エドワードヤンの恋愛時代©Kailidoscope Pictures

「最初は登場人物たちの顔がクリアに見えるのだけど、後半に至るにつれて、闇に浸されるような形で表情が見えなくなっていく。そして、次第に都市の光が届かないような場所でコミュニケーションし始める。その時に描かれるのは、それまでには見られなかった、親密な言葉のやりとりです。画面が闇に覆われ、登場人物たちの顔が見えづらくなっていく過程で、今までとは少し違った声が生まれてくる。そんな印象があります」

エドワードヤンの恋愛時代©Kailidoscope Pictures

濱口は「エドワード・ヤンは一作ごとに自身のスタイルを大胆に更新していく作家である」と語り、次のように言葉を続ける。

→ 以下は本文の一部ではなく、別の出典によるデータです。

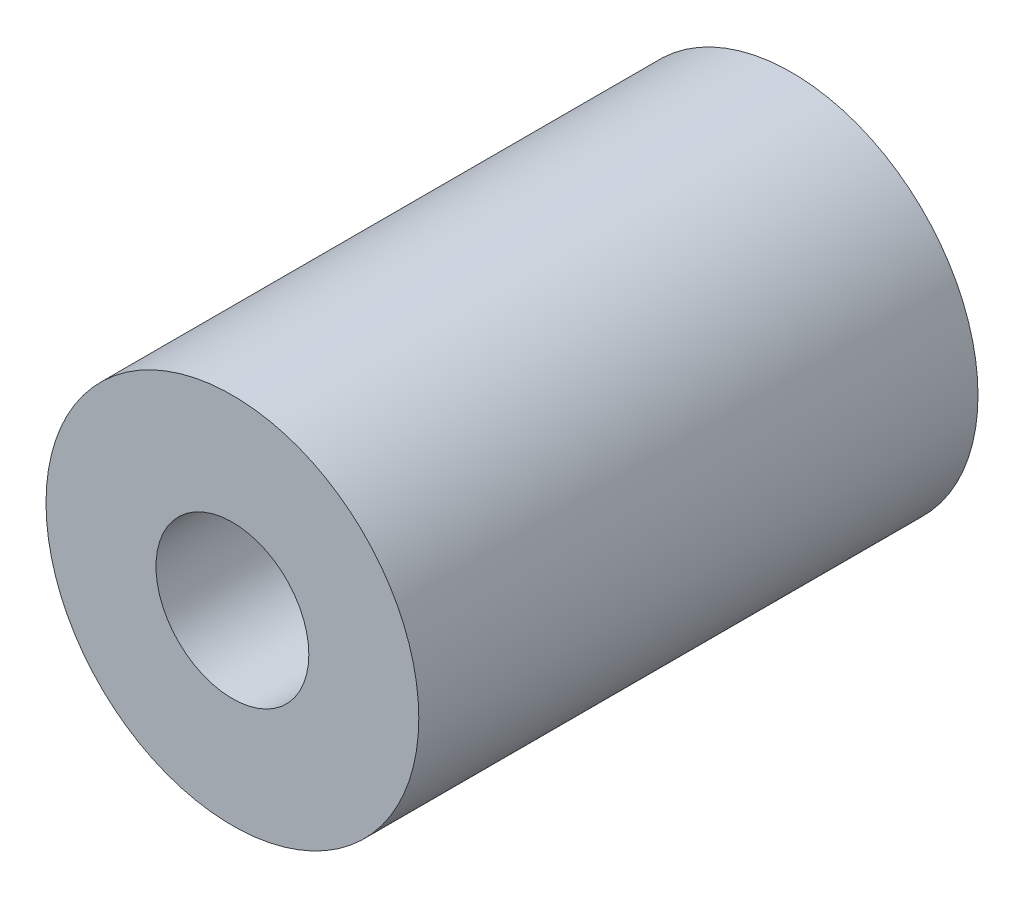
SolidWorks part; units mm, degrees
ref_plane "正面" through (0, 0, 0) normal (0, 0, 1) x (1, 0, 0)
ref_plane "平面" through (0, 0, 0) normal (0, 1, 0) x (1, 0, 0)
ref_plane "右側面" through (0, 0, 0) normal (1, 0, 0) x (0, 0, -1)
sketch "ｽｹｯﾁ2" plane through (0, 0, 0) normal (0, 0, 1) x (1, 0, 0)
  circle A0 centre (0, 0) radius 10
  circle A1 centre (0, 0) radius 4.1
  dimension "D1" = 8.2
  dimension "D2" = 20
extrude "ﾎﾞｽ - 押し出し1" add sketch "ｽｹｯﾁ2" along normal blind 30

「物語が進行するにつれて、キャラクターたちが人間性を回復していく『恋愛時代』は『クーリンチェ』とは異質です。それはエドワード・ヤンが心から求めていたものではないか。『クーリンチェ』のような悲劇的な傑作を撮ってしまったあと、絶望的な状況で喜劇的なことをやろうとする。そういうトライが本作から始まろうとしているのではないか。今回再見して、そんなことを強く思いました」

エドワードヤン2007年に59歳でこの世を去った

持てる力を振り絞って一世一代の傑作を撮り上げた後、映画監督はどのような方向に進むべきか。『ドライブ・マイ・カー』と『偶然と想像』(2021)という2本の傑作を立て続けに監督し、早くも次回作を見据える濱口自身の決意もトークの端々に垣間見える。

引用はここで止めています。